All good things. And yet it was only a matter of time before the ACC continued its haphazard swirl through the greater turmoil of college athletics. Tuesday, for once, felt a little normal. A little boring, almost, in that the primary conversation of the day focused on football, which is how the ACC would prefer it. For once, at this event, there weren’t the endless questions about the league’s future; about this realignment move, or that one; about revenue gaps and the grant of rights.
The calm lasted all of about a day.
By Thursday, Colorado’s move from the Pac-12 to the Big 12 was official — making it three summers in a row that an ACC Kickoff went on amid the backdrop of major-conference realignment. In 2021, it was Texas and Oklahoma announcing their intention to join the SEC, while last year the news of the Big Ten’s impending addition of USC and UCLA dominated the summer. And now, Colorado.
By Thursday night, amid a report from a Florida State-focused website that suggested the university’s efforts to leave the ACC were intensifying, Phillips again found himself in defense mode, which is becoming the usual for him. The league’s kickoff event had been over only a few hours and many of the reporters who attended it were still making their way home when Phillips responded to the Florida State speculation by telling ESPN the ACC was “absolutely” open to expansion.

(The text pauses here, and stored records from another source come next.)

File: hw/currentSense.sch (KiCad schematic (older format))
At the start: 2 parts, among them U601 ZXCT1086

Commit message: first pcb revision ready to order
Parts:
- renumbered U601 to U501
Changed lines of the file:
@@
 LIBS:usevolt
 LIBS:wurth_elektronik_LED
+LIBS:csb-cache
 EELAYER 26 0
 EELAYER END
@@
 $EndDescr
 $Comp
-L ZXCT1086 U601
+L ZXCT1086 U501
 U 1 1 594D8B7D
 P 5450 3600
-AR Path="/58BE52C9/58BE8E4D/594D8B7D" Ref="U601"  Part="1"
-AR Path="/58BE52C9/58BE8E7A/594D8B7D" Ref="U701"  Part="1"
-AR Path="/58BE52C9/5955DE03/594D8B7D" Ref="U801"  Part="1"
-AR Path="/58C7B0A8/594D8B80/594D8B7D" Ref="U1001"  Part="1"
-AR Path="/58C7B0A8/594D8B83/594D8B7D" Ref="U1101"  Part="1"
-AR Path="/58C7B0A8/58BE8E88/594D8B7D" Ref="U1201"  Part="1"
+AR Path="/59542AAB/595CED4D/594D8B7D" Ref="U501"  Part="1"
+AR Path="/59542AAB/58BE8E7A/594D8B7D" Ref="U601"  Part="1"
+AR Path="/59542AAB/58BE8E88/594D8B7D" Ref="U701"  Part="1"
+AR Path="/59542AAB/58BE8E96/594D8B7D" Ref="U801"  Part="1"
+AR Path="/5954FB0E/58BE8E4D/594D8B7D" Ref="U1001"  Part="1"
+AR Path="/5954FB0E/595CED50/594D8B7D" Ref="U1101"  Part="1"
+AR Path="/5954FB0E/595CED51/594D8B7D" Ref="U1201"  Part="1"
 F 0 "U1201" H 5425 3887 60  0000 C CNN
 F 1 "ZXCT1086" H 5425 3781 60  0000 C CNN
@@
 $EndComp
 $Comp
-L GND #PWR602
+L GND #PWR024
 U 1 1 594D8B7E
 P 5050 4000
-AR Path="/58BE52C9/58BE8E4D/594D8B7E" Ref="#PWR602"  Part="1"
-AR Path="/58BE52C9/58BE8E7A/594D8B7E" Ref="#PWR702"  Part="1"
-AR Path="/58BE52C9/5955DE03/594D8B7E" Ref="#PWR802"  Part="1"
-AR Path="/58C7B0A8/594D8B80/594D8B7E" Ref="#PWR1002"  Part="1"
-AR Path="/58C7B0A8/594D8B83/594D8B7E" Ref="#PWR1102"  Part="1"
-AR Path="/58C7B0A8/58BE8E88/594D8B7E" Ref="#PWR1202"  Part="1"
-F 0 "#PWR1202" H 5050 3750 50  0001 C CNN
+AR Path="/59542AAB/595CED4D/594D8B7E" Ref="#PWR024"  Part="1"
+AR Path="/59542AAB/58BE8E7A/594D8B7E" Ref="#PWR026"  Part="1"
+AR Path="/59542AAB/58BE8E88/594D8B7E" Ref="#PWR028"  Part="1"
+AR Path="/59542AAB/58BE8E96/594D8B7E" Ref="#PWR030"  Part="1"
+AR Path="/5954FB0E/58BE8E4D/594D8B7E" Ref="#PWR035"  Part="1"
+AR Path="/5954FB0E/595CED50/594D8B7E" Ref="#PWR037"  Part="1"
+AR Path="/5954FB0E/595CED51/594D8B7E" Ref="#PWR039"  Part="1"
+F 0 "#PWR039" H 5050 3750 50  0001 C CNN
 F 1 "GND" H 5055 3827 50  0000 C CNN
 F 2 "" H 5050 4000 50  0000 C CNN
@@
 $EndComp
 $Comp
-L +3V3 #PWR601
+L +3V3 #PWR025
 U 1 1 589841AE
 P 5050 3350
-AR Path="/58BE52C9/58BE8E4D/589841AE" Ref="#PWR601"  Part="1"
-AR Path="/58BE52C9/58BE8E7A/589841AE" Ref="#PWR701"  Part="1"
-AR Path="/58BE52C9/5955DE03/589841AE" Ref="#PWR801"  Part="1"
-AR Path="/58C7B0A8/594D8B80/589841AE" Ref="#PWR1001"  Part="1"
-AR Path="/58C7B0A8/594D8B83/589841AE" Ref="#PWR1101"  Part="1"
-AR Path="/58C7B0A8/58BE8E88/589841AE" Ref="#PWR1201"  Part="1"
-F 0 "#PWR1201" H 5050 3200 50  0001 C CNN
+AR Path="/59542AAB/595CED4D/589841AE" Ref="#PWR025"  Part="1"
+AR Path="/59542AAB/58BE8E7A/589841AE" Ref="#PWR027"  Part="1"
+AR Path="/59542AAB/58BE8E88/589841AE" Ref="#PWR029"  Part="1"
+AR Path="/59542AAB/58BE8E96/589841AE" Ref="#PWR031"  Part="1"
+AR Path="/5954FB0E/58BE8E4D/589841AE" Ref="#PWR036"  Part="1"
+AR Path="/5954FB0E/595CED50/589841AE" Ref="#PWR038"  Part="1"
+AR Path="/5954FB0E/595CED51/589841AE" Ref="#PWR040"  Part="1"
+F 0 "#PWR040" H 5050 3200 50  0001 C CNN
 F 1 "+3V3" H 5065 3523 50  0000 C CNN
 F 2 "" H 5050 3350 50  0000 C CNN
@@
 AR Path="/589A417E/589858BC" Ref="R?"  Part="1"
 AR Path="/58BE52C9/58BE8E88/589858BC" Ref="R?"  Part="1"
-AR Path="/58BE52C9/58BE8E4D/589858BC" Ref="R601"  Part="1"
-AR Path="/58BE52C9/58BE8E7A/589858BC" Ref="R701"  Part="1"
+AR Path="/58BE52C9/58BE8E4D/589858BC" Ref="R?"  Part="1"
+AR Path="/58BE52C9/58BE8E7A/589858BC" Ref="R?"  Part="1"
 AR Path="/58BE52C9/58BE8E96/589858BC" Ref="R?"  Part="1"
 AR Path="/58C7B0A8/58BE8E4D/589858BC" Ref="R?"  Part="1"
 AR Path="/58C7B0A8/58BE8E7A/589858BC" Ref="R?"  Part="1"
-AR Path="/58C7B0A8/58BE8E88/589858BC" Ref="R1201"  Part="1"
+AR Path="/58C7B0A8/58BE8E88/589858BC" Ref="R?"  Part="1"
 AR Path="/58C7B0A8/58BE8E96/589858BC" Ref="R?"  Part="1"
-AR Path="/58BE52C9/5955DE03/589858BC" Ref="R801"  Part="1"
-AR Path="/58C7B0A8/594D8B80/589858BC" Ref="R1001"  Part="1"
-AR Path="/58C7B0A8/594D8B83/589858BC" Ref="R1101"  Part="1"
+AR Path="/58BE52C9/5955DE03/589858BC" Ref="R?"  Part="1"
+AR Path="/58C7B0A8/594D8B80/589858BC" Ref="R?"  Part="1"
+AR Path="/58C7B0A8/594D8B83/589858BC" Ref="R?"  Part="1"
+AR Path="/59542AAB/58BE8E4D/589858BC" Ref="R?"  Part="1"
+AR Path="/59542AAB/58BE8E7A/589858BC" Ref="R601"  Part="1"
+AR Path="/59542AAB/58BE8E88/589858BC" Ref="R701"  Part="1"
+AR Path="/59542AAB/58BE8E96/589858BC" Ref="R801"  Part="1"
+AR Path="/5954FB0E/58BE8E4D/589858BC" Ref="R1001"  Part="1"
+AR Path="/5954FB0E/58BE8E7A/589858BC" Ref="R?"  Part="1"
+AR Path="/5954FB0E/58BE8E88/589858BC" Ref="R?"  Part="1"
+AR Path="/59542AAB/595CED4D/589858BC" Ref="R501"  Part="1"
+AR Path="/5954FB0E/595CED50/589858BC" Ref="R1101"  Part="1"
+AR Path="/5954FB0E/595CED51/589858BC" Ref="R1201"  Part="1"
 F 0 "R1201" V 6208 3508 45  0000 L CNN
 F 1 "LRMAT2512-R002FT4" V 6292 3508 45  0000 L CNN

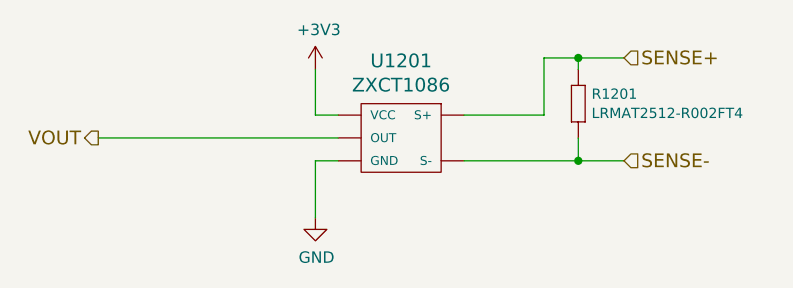
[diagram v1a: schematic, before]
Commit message: sw directory created, oil cooler added in hw
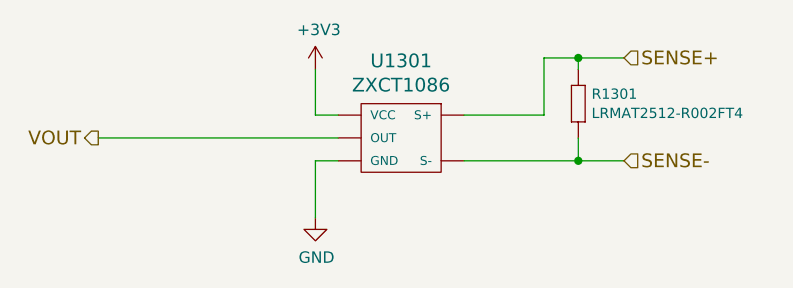
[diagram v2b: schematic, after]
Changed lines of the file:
@@
 $Descr A4 11693 8268
 encoding utf-8
-Sheet 11 12
+Sheet 11 13
 Title "MSB current sense sheet"
 Date "2017-02-05"
@@
 AR Path="/5954FB0E/595CED50/594D8B7D" Ref="U1101"  Part="1"
 AR Path="/5954FB0E/595CED51/594D8B7D" Ref="U1201"  Part="1"
-F 0 "U1201" H 5425 3887 60  0000 C CNN
+AR Path="/5954FB0E/59847685/594D8B7D" Ref="U1301"  Part="1"
+F 0 "U1301" H 5425 3887 60  0000 C CNN
 F 1 "ZXCT1086" H 5425 3781 60  0000 C CNN
 F 2 "usevolt:SOT-25" H 5100 4050 60  0001 C CNN
@@
 $EndComp
 $Comp
-L GND #PWR024
+L GND #PWR016
 U 1 1 594D8B7E
 P 5050 4000
-AR Path="/59542AAB/595CED4D/594D8B7E" Ref="#PWR024"  Part="1"
-AR Path="/59542AAB/58BE8E7A/594D8B7E" Ref="#PWR026"  Part="1"
-AR Path="/59542AAB/58BE8E88/594D8B7E" Ref="#PWR028"  Part="1"
-AR Path="/59542AAB/58BE8E96/594D8B7E" Ref="#PWR030"  Part="1"
-AR Path="/5954FB0E/58BE8E4D/594D8B7E" Ref="#PWR035"  Part="1"
-AR Path="/5954FB0E/595CED50/594D8B7E" Ref="#PWR037"  Part="1"
-AR Path="/5954FB0E/595CED51/594D8B7E" Ref="#PWR039"  Part="1"
-F 0 "#PWR039" H 5050 3750 50  0001 C CNN
+AR Path="/59542AAB/595CED4D/594D8B7E" Ref="#PWR016"  Part="1"
+AR Path="/59542AAB/58BE8E7A/594D8B7E" Ref="#PWR018"  Part="1"
+AR Path="/59542AAB/58BE8E88/594D8B7E" Ref="#PWR020"  Part="1"
+AR Path="/59542AAB/58BE8E96/594D8B7E" Ref="#PWR022"  Part="1"
+AR Path="/5954FB0E/58BE8E4D/594D8B7E" Ref="#PWR027"  Part="1"
+AR Path="/5954FB0E/595CED50/594D8B7E" Ref="#PWR029"  Part="1"
+AR Path="/5954FB0E/595CED51/594D8B7E" Ref="#PWR031"  Part="1"
+AR Path="/5954FB0E/59847685/594D8B7E" Ref="#PWR033"  Part="1"
+F 0 "#PWR033" H 5050 3750 50  0001 C CNN
 F 1 "GND" H 5055 3827 50  0000 C CNN
 F 2 "" H 5050 4000 50  0000 C CNN
@@
 $EndComp
 $Comp
-L +3V3 #PWR025
+L +3V3 #PWR017
 U 1 1 589841AE
 P 5050 3350
-AR Path="/59542AAB/595CED4D/589841AE" Ref="#PWR025"  Part="1"
-AR Path="/59542AAB/58BE8E7A/589841AE" Ref="#PWR027"  Part="1"
-AR Path="/59542AAB/58BE8E88/589841AE" Ref="#PWR029"  Part="1"
-AR Path="/59542AAB/58BE8E96/589841AE" Ref="#PWR031"  Part="1"
-AR Path="/5954FB0E/58BE8E4D/589841AE" Ref="#PWR036"  Part="1"
-AR Path="/5954FB0E/595CED50/589841AE" Ref="#PWR038"  Part="1"
-AR Path="/5954FB0E/595CED51/589841AE" Ref="#PWR040"  Part="1"
-F 0 "#PWR040" H 5050 3200 50  0001 C CNN
+AR Path="/59542AAB/595CED4D/589841AE" Ref="#PWR017"  Part="1"
+AR Path="/59542AAB/58BE8E7A/589841AE" Ref="#PWR019"  Part="1"
+AR Path="/59542AAB/58BE8E88/589841AE" Ref="#PWR021"  Part="1"
+AR Path="/59542AAB/58BE8E96/589841AE" Ref="#PWR023"  Part="1"
+AR Path="/5954FB0E/58BE8E4D/589841AE" Ref="#PWR028"  Part="1"
+AR Path="/5954FB0E/595CED50/589841AE" Ref="#PWR030"  Part="1"
+AR Path="/5954FB0E/595CED51/589841AE" Ref="#PWR032"  Part="1"
+AR Path="/5954FB0E/59847685/589841AE" Ref="#PWR034"  Part="1"
+F 0 "#PWR034" H 5050 3200 50  0001 C CNN
 F 1 "+3V3" H 5065 3523 50  0000 C CNN
 F 2 "" H 5050 3350 50  0000 C CNN
@@
 AR Path="/5954FB0E/595CED50/589858BC" Ref="R1101"  Part="1"
 AR Path="/5954FB0E/595CED51/589858BC" Ref="R1201"  Part="1"
-F 0 "R1201" V 6208 3508 45  0000 L CNN
+AR Path="/5954FB0E/59847685/589858BC" Ref="R1301"  Part="1"
+F 0 "R1301" V 6208 3508 45  0000 L CNN
 F 1 "LRMAT2512-R002FT4" V 6292 3508 45  0000 L CNN
 F 2 "usevolt:2512" H 6230 3600 20  0001 C CNN

Not a new revelation, necessarily, but one meant to calm the turbulence, and express a willingness to act.
The problem, though, is that short of adding Notre Dame as a full-time member — not happening, and certainly not anytime soon — there’s not a whole lot the ACC can do to change the narrative and provide an image of strength. This is the conference’s new reality, a discomforting one of responding to whatever college athletics shoe drops next while waiting for someone to challenge the grant of rights.
Maybe Florida State, with its three-game losing streak against Wake Forest in football; with its .500 conference record since the start of the 2015 season, becomes that challenger. Maybe it’s a group of schools, acting as one. Maybe it’s nobody, until many years from now when the financial blow from leaving the league might feel more palatable for those considering it.
The only thing that’s clear for now in a time of uncertainty for college athletics is that this is just the ACC’s world now. One of seeking new beginnings while finding the same old narratives and questions inescapable. One of celebrating a new home in Charlotte while the old one sits empty about 90 miles northeast, a quiet reminder of a time of stability now long gone.